### WHAT YOU SHOULD DO
Below are records. Find each line in them that holds the word "Polygon" and copy it.

### INFORMATION
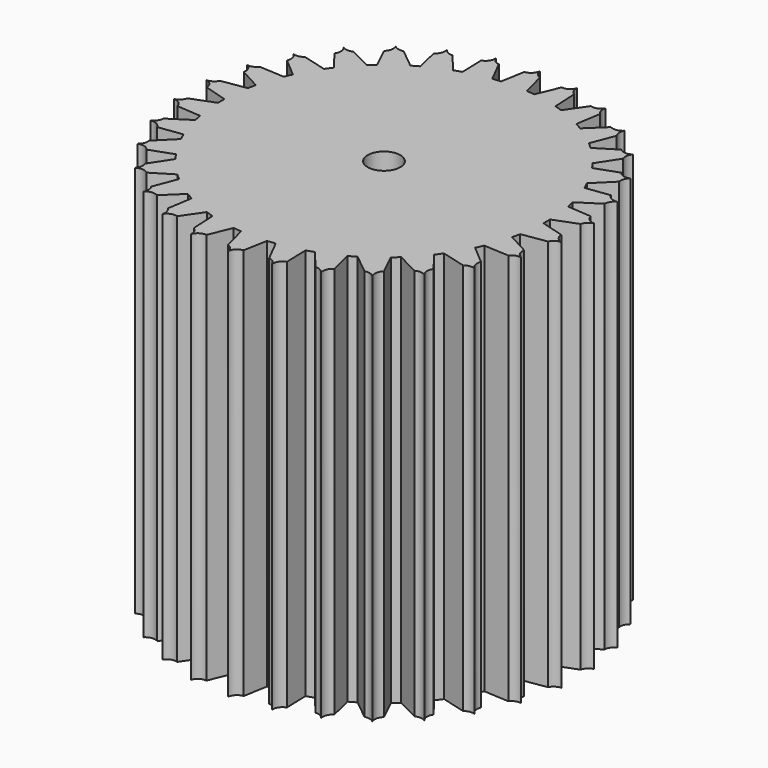
from build123d import *

# Parameters (mm, degrees)
F0_R            = 7.62
F1_DEPTH        = 7.62
F2_R            = 0.635
F3_DEPTH        = 15.24
F5_DEPTH        = 15.24
F5_COPIES_COUNT = 30


# Not quite as in the source:
# - a pattern or mirror of a feature is missing from the dataset's text; its kind, count and spacing are read off the source's solid


with BuildPart() as f1:
    # F0 (on Top) → F1 (new body, symmetric)
    with BuildSketch(Plane.XY):
        Circle(F0_R)
    extrude(amount=F1_DEPTH, both=True)

    # F2 (on face) → F3 (cut, through all)
    with BuildSketch(Plane.XY.offset(7.62)):
        Circle(F2_R)
    extrude(amount=-F3_DEPTH, mode=Mode.SUBTRACT)

    # F4 (on face) → F5 (cut, through all)
    with BuildSketch(Plane.XY.offset(7.62)):
        with BuildLine():
            ThreePointArc((1.1774650041, 7.1433782284), (1.4434722472, 7.2178126365), (1.5892749077, 7.4524227784))
            ThreePointArc((1.5892749077, 7.4524227784), (0.7990426862, 7.5779898908), (0, 7.62))
            ThreePointArc((0, 7.62), (0.0679999401, 7.3924435649), (0.2571516718, 7.248820637))
            Line((0.2571516718, 7.248820637), (0.508, 6.3051195791))
            ThreePointArc((0.508, 6.3051195791), (0.6637440585, 6.290631187), (0.8190822636, 6.2722963221))
            Line((0.8190822636, 6.2722963221), (1.1774650041, 7.1433782284))
        make_face()
    f5 = extrude(amount=-F5_DEPTH, mode=Mode.SUBTRACT)

    # F5_copies: F5 ×30 about axis
    f5_copies_axis = Axis((0, 0, 0), (0, 0, 1))
    for i in range(1, F5_COPIES_COUNT):
        add(f5.rotate(f5_copies_axis, i * 360 / F5_COPIES_COUNT), mode=Mode.SUBTRACT)


solid = f1.part
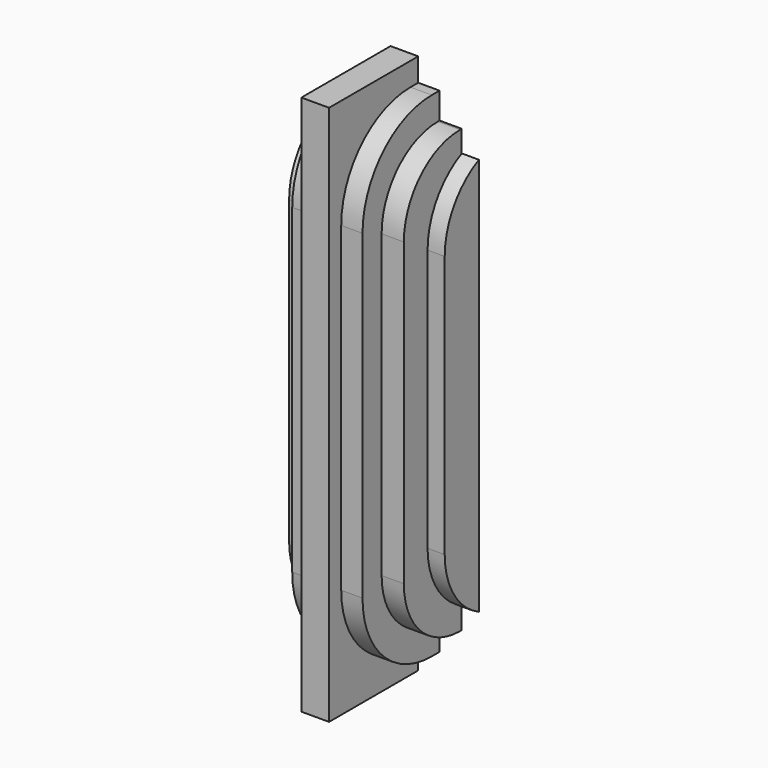
from build123d import *

# Parameters (mm, degrees)
F1_DEPTH      = 39.116
F2_DEPTH      = 33.782
F3_DEPTH      = 33.782
F4_DEPTH      = 25.4
F5_DEPTH      = 25.4
F0_W          = 6.0111228377
F0_H          = 69.8404787108
F6_DEPTH      = 14.986
F7_DEPTH      = 14.986
F8_T1_DEPTH   = 65.4734383573
F8_T6_DEPTH   = 124.9357538769
F10_R         = 24.6510518427
F11_R         = 24.6634
F12_R         = 30.3539071197
F14_T         = -2.54
F15_DEPTH     = 14.986
F16_T1_DEPTH  = 124.9268049826
F17_DEPTH     = 25.4
F18_R         = 24.6634
F19_DEPTH     = 33.782
F20_R         = 30.353
F21_DEPTH     = 39.116
F22_DEPTH     = 33.782
F23_DEPTH     = 25.4
F24_DEPTH     = 14.986
F25_T1_DEPTH  = 65.4689639101
F25_T6_DEPTH  = 124.9268049826
F26_R         = 24.6634
F27_R         = 30.353
F28_T         = 2.54
F28_T3_DEPTH  = 5.8166
F28_T5_DEPTH  = 110.6669781681
F28_T7_DEPTH  = 5.8289481573
F28_T9_DEPTH  = 8.509
F28_T11_DEPTH = 117.7830652202
F28_T13_DEPTH = 8.5080928803
F28_T15_DEPTH = 110.6546300108
F28_T17_DEPTH = 97.1928947849
F28_T19_DEPTH = 41.656
F28_T21_DEPTH = 9.7208591178
F28_T23_DEPTH = 10.414
F28_T25_DEPTH = 94.8683656752
F28_T27_DEPTH = 58.8910790502
F28_T29_DEPTH = 13.462
F28_T31_DEPTH = 55.3396631627
F28_T33_DEPTH = 15.494
F28_T35_DEPTH = 17.526
F28_T37_DEPTH = 48.595552503
F28_T39_DEPTH = 12.5542403813
F28_T41_DEPTH = 12.8764020893
F28_T43_DEPTH = 11.0911228377
F28_T45_DEPTH = 11.0911228377
F28_T47_DEPTH = 12.8764020893
F28_T49_DEPTH = 12.5542403813
F28_T51_DEPTH = 55.3273150054
F28_T54_ANGLE = 90.000000001
F28_T56_ANGLE = 90.000000001
F28_T58_ANGLE = 90.000000001
F28_T60_ANGLE = 90.000000001
F28_T62_ANGLE = 90.000000001
F28_T64_ANGLE = 90.000000001
F28_T66_ANGLE = 90.000000001
F28_T68_ANGLE = 90.000000001
F28_T70_ANGLE = 64.4309058664
F28_T72_ANGLE = 64.4270166015
F28_T74_ANGLE = 64.4309058664
F28_T76_ANGLE = 64.4270166015
F28_T78_ANGLE = 90.000000001
F28_T80_ANGLE = 90.000000001
F28_T82_ANGLE = 61.4663888849
F28_T84_ANGLE = 61.4663888848
F28_T86_ANGLE = 90.000000001
F28_T88_ANGLE = 90.000000001
F30_DEPTH     = 81.788


# Not quite as in the source:
# - a fillet or chamfer that OpenCascade refuses, or shapes differently, is made with other operations: its cross-section is extruded or revolved along the edge and cut away or added
# - two fillets or chamfers of one size are made in one step
# - a feature of the source that left no trace in its solid (it failed there, or was rolled back) is left out
# - a shell that OpenCascade refuses in one call is made with other operations: the cavity is built on its own and cut out


with BuildPart() as f1:
    # F0 (on Front) → F1 (new body)
    with BuildSketch(Plane.XZ):
        Polygon((4.8604295589, 33.4735736251), (0, 33.4735736251), (-4.8604295589, 33.4735736251), (-4.8604295589, 25.3101941198), (-4.8604295589, -61.3947920501), (4.8604295589, -61.3947920501), (4.8604295589, 25.3101941198), align=None)
    extrude(amount=F1_DEPTH)

    # F0 (on Front) → F2 (join)
    with BuildSketch(Plane.XZ):
        Polygon((-4.8604295589, -61.3947920501), (-4.8604295589, 25.3101941198), (-12.3346699402, 25.3101941198), (-12.3346699402, 16.0559229553), (-12.3346699402, -61.3947920501), align=None)
    extrude(amount=F2_DEPTH)

    # F0 (on Front) → F3 (join)
    with BuildSketch(Plane.XZ):
        Polygon((12.3346699402, 25.3101941198), (4.8604295589, 25.3101941198), (4.8604295589, -61.3947920501), (12.3346699402, -61.3947920501), (12.3346699402, 16.0559229553), align=None)
    extrude(amount=F3_DEPTH)

    # F0 (on Front) → F4 (join)
    with BuildSketch(Plane.XZ):
        Polygon((-20.1310720295, -61.3947920501), (-12.3346699402, -61.3947920501), (-12.3346699402, 16.0559229553), (-20.1310720295, 16.0559229553), (-20.1310720295, 8.4456866607), align=None)
    extrude(amount=F4_DEPTH)

    # F0 (on Front) → F5 (join)
    with BuildSketch(Plane.XZ):
        Polygon((12.3346699402, 16.0559229553), (12.3346699402, -61.3947920501), (20.1310720295, -61.3947920501), (20.1310720295, 8.4456866607), (20.1310720295, 16.0559229553), align=None)
    extrude(amount=F5_DEPTH)

    # F0 (on Front) → F6 (join)
    with BuildSketch(Plane.XZ):
        with Locations((-23.1366334483, -26.4745526947)):
            Rectangle(F0_W, F0_H)
    extrude(amount=F6_DEPTH)

    # F0 (on Front) → F7 (join)
    with BuildSketch(Plane.XZ):
        with Locations((23.1366334483, -26.4745526947)):
            Rectangle(F0_W, F0_H)
    extrude(amount=F7_DEPTH)

    # F8: fillet of radius 26.3680405282 on 1 edges, made by hand

    # F8_s2 → F8_t1 (cut)
    with BuildSketch(Plane.YZ.offset(20.1310720295)):
        with BuildLine():
            ThreePointArc((-14.986, -15.3392395471), (-10.9271018493, -1.2830762129), (0, 8.4456866607))
            Line((0, 8.4456866607), (-0.2276408106, 8.9213851849))
            ThreePointArc((-0.2276408106, 8.9213851849), (-7.493, 8.9730474713), (-14.986, 8.9730474713))
            Line((-14.986, 8.9730474713), (-15.5133608106, 8.4456866607))
            Line((-15.5133608106, 8.4456866607), (-15.5133608106, -15.3392395471))
            Line((-15.5133608106, -15.3392395471), (-14.986, -15.3392395471))
        make_face()
    extrude(amount=F8_T1_DEPTH, mode=Mode.SUBTRACT)


with BuildPart() as f8_tool4:
    # F8_s5 → F8_t6 (new body)
    with BuildSketch(Plane.YZ.offset(85.6045103867)):
        with BuildLine():
            ThreePointArc((-14.986, -15.3392395471), (-10.9271018493, -1.2830762129), (0, 8.4456866607))
            Line((0, 8.4456866607), (-0.2276408106, 8.9213851849))
            ThreePointArc((-0.2276408106, 8.9213851849), (-7.493, 8.9730474713), (-14.986, 8.9730474713))
            Line((-14.986, 8.9730474713), (-15.5133608106, 8.4456866607))
            Line((-15.5133608106, 8.4456866607), (-15.5133608106, -15.3392395471))
            Line((-15.5133608106, -15.3392395471), (-14.986, -15.3392395471))
        make_face()
    extrude(amount=-F8_T6_DEPTH)

    split(bisect_by=Plane.YZ.offset(-20.1310720295), keep=Keep.BOTTOM)


with BuildPart() as f1_1:
    add(f1.part)

    # F8_t3: cut F8_tool4
    add(f8_tool4.part, mode=Mode.SUBTRACT)

    # F10
    f10_edges = [f1_1.edges().sort_by_distance(p)[0] for p in [
        (16.232871, -25.4, 16.055923),
    ]]
    fillet(f10_edges, radius=F10_R)

    # F11
    f11_edges = [f1_1.edges().sort_by_distance(p)[0] for p in [
        (-16.232871, -25.4, 16.055923),
    ]]
    fillet(f11_edges, radius=F11_R)

    # F12
    f12_edges = [f1_1.edges().sort_by_distance(p)[0] for p in [
        (-8.59755, -33.782, 25.310194),
        (8.59755, -33.782, 25.310194),
    ]]
    fillet(f12_edges, radius=F12_R)

    # F14
    f14_openings = [f1_1.faces().sort_by_distance(p)[0] for p in [
        (0, 0, -20.12968),
    ]]
    offset(amount=F14_T, openings=f14_openings, kind=Kind.INTERSECTION)

    # F0 (on Front) → F15 (join)
    with BuildSketch(Plane.XZ):
        with Locations((-23.1366334483, -96.3150314055)):
            Rectangle(F0_W, F0_H)
    extrude(amount=F15_DEPTH)

    # F16: fillet of radius 26.3652 on 1 edges, made by hand

    # F16_s2 → F16_t1 (cut)
    with BuildSketch(Plane.YZ.offset(-85.6000359396)):
        with BuildLine():
            ThreePointArc((-14.986, -107.452134332), (-10.9270620679, -121.5075405374), (0, -131.235270761))
            Line((0, -131.235270761), (-14.986, -131.235270761))
            Line((-14.986, -131.235270761), (-14.986, -107.452134332))
        make_face()
    extrude(amount=F16_T1_DEPTH, mode=Mode.SUBTRACT)

    # F0 (on Front) → F17 (join)
    with BuildSketch(Plane.XZ):
        Polygon((-12.3346699402, -138.8455070555), (-12.3346699402, -61.3947920501), (-20.1310720295, -61.3947920501), (-20.1310720295, -131.235270761), (-20.1310720295, -138.8455070555), align=None)
    extrude(amount=F17_DEPTH)

    # F18
    f18_edges = [f1_1.edges().sort_by_distance(p)[0] for p in [
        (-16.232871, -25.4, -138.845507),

### SOLUTION TO THIS EXERCISE
        Polygon((4.8604295589, 33.4735736251), (0, 33.4735736251), (-4.8604295589, 33.4735736251), (-4.8604295589, 25.3101941198), (-4.8604295589, -61.3947920501), (4.8604295589, -61.3947920501), (4.8604295589, 25.3101941198), align=None)
        Polygon((-4.8604295589, -61.3947920501), (-4.8604295589, 25.3101941198), (-12.3346699402, 25.3101941198), (-12.3346699402, 16.0559229553), (-12.3346699402, -61.3947920501), align=None)
        Polygon((12.3346699402, 25.3101941198), (4.8604295589, 25.3101941198), (4.8604295589, -61.3947920501), (12.3346699402, -61.3947920501), (12.3346699402, 16.0559229553), align=None)
        Polygon((-20.1310720295, -61.3947920501), (-12.3346699402, -61.3947920501), (-12.3346699402, 16.0559229553), (-20.1310720295, 16.0559229553), (-20.1310720295, 8.4456866607), align=None)
        Polygon((12.3346699402, 16.0559229553), (12.3346699402, -61.3947920501), (20.1310720295, -61.3947920501), (20.1310720295, 8.4456866607), (20.1310720295, 16.0559229553), align=None)
        Polygon((-12.3346699402, -138.8455070555), (-12.3346699402, -61.3947920501), (-20.1310720295, -61.3947920501), (-20.1310720295, -131.235270761), (-20.1310720295, -138.8455070555), align=None)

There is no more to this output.